(Task objective):
Of the records that follow, copy only the lines from the line containing "#78=VERTEX_POINT('',#77);" to the line containing "#118=EDGE_LOOP('',(#95,#103,#111,#117));", both included, exactly as written.

(Supplied data):
****
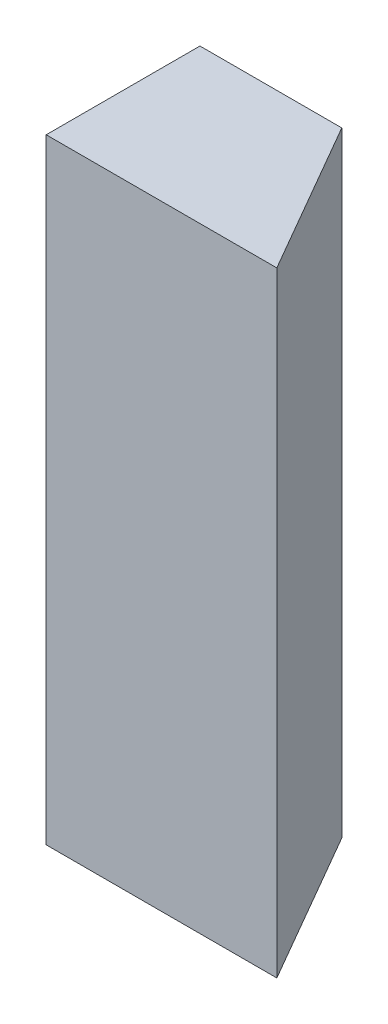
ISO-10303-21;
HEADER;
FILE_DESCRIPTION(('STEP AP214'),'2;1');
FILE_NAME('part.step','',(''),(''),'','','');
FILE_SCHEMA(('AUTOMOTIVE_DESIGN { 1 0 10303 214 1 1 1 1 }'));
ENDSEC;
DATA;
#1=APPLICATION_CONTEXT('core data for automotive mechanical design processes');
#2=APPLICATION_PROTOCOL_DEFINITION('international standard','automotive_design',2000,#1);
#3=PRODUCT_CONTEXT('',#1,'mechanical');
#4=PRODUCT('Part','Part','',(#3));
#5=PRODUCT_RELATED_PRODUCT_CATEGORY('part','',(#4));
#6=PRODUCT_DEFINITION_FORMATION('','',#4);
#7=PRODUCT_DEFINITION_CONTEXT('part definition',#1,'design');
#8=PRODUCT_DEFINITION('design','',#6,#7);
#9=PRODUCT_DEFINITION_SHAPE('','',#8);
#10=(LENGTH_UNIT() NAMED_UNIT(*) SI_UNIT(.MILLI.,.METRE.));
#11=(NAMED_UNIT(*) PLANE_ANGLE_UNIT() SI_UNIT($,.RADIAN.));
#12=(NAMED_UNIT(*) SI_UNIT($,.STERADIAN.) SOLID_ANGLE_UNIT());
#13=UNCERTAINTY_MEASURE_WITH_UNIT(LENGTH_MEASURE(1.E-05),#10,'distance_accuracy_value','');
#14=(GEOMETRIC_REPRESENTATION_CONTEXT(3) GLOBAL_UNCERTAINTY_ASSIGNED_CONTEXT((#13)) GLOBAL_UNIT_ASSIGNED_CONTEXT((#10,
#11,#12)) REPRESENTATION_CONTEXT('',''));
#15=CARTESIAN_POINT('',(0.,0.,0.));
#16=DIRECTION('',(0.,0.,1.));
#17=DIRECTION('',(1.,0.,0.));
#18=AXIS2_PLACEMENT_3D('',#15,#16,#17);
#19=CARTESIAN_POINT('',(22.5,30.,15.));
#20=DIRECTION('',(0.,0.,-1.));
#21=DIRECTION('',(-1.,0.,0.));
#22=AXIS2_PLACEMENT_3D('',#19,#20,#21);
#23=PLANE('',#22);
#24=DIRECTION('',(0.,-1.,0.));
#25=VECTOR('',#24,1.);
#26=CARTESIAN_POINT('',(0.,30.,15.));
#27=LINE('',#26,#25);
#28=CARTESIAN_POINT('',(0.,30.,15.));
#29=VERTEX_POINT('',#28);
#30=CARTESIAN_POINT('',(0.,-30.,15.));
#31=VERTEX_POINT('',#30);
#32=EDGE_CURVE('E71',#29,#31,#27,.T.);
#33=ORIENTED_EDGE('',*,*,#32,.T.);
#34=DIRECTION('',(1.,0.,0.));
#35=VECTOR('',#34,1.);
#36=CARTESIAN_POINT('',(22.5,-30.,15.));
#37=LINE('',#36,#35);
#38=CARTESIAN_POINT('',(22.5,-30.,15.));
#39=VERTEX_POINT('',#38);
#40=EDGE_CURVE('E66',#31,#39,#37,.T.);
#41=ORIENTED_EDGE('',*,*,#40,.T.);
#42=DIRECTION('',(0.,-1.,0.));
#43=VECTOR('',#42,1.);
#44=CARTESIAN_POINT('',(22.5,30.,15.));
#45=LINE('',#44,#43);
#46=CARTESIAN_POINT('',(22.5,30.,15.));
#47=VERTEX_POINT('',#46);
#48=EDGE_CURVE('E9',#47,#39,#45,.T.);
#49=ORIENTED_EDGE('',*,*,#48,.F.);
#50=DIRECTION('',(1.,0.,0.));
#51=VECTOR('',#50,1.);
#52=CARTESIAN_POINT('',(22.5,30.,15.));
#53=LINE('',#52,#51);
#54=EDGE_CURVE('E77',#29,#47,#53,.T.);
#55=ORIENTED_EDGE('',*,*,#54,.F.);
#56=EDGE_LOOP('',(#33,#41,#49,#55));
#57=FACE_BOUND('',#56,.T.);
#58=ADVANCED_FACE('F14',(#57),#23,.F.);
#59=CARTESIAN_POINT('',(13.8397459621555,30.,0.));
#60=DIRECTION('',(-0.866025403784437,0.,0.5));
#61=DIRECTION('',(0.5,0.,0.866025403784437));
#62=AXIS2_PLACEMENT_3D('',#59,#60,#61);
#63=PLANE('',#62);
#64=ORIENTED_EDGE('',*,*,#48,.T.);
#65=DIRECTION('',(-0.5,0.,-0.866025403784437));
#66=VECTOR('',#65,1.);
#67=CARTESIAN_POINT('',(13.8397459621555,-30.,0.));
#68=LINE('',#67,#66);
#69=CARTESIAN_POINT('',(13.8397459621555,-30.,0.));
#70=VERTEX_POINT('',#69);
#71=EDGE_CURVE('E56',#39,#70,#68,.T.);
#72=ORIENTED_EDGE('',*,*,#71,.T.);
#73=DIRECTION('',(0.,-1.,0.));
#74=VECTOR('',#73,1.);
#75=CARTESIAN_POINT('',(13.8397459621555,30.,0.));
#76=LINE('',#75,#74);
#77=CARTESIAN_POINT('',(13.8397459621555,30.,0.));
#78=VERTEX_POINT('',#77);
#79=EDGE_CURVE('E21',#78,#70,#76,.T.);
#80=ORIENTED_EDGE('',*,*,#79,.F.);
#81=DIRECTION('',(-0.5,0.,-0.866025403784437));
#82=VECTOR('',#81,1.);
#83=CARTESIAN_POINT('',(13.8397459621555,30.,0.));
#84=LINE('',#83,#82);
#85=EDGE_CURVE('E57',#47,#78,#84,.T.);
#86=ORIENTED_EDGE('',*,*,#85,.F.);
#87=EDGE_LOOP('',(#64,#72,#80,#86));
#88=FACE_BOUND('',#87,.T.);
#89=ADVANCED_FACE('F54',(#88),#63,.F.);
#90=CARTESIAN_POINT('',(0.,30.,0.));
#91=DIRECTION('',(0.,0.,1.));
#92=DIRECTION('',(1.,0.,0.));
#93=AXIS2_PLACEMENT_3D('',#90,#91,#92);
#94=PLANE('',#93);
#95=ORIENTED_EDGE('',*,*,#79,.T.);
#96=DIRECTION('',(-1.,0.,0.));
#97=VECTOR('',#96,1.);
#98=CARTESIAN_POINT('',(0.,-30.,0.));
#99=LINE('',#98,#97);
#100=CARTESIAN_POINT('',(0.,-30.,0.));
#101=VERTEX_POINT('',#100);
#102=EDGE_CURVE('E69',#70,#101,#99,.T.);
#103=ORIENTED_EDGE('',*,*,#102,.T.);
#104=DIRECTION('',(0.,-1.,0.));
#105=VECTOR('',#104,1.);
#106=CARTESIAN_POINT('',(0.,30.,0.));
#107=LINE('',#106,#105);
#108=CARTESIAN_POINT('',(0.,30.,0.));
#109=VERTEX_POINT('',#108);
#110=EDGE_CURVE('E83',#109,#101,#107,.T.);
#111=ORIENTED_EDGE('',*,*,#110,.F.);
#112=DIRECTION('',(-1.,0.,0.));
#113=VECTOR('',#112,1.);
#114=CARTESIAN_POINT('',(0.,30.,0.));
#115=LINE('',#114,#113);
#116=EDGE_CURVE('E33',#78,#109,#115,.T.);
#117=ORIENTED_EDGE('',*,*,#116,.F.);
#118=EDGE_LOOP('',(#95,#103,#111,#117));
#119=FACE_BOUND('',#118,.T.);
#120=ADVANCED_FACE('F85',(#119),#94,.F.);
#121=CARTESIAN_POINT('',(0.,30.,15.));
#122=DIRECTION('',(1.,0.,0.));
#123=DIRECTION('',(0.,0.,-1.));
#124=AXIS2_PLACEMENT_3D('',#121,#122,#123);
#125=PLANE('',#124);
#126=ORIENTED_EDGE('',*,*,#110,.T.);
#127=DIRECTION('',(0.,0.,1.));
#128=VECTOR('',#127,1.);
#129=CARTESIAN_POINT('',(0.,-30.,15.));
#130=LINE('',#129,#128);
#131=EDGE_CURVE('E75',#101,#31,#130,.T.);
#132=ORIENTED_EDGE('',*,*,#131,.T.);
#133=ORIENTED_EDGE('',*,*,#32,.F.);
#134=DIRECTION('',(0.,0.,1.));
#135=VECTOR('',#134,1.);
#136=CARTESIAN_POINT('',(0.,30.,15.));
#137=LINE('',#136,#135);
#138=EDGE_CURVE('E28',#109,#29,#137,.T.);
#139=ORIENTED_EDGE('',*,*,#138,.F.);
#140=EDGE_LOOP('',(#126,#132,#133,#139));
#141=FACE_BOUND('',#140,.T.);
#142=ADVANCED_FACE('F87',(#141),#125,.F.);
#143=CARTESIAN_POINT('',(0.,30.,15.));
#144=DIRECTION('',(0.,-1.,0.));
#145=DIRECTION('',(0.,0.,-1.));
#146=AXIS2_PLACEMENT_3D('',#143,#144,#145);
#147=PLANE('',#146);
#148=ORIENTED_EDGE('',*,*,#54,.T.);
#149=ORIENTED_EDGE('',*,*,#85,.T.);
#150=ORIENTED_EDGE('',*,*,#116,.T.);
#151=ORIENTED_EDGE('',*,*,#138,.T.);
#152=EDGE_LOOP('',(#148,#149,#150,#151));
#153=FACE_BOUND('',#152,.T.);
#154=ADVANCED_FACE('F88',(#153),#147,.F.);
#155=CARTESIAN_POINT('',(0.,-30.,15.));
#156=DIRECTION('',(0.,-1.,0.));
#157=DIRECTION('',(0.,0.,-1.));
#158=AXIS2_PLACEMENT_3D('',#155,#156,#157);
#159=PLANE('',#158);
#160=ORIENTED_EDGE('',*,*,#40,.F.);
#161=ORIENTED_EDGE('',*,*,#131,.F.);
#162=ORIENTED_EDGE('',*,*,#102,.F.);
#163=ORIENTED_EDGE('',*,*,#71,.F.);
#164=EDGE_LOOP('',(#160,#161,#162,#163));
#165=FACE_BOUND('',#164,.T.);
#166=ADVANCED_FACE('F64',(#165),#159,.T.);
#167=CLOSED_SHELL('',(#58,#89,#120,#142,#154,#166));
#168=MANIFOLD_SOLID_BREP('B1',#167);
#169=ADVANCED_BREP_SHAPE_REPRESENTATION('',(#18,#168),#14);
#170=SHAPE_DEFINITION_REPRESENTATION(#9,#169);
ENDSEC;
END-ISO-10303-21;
****
(Task solution):
#78=VERTEX_POINT('',#77);
#79=EDGE_CURVE('E21',#78,#70,#76,.T.);
#80=ORIENTED_EDGE('',*,*,#79,.F.);
#81=DIRECTION('',(-0.5,0.,-0.866025403784437));
#82=VECTOR('',#81,1.);
#83=CARTESIAN_POINT('',(13.8397459621555,30.,0.));
#84=LINE('',#83,#82);
#85=EDGE_CURVE('E57',#47,#78,#84,.T.);
#86=ORIENTED_EDGE('',*,*,#85,.F.);
#87=EDGE_LOOP('',(#64,#72,#80,#86));
#88=FACE_BOUND('',#87,.T.);
#89=ADVANCED_FACE('F54',(#88),#63,.F.);
#90=CARTESIAN_POINT('',(0.,30.,0.));
#91=DIRECTION('',(0.,0.,1.));
#92=DIRECTION('',(1.,0.,0.));
#93=AXIS2_PLACEMENT_3D('',#90,#91,#92);
#94=PLANE('',#93);
#95=ORIENTED_EDGE('',*,*,#79,.T.);
#96=DIRECTION('',(-1.,0.,0.));
#97=VECTOR('',#96,1.);
#98=CARTESIAN_POINT('',(0.,-30.,0.));
#99=LINE('',#98,#97);
#100=CARTESIAN_POINT('',(0.,-30.,0.));
#101=VERTEX_POINT('',#100);
#102=EDGE_CURVE('E69',#70,#101,#99,.T.);
#103=ORIENTED_EDGE('',*,*,#102,.T.);
#104=DIRECTION('',(0.,-1.,0.));
#105=VECTOR('',#104,1.);
#106=CARTESIAN_POINT('',(0.,30.,0.));
#107=LINE('',#106,#105);
#108=CARTESIAN_POINT('',(0.,30.,0.));
#109=VERTEX_POINT('',#108);
#110=EDGE_CURVE('E83',#109,#101,#107,.T.);
#111=ORIENTED_EDGE('',*,*,#110,.F.);
#112=DIRECTION('',(-1.,0.,0.));
#113=VECTOR('',#112,1.);
#114=CARTESIAN_POINT('',(0.,30.,0.));
#115=LINE('',#114,#113);
#116=EDGE_CURVE('E33',#78,#109,#115,.T.);
#117=ORIENTED_EDGE('',*,*,#116,.F.);
#118=EDGE_LOOP('',(#95,#103,#111,#117));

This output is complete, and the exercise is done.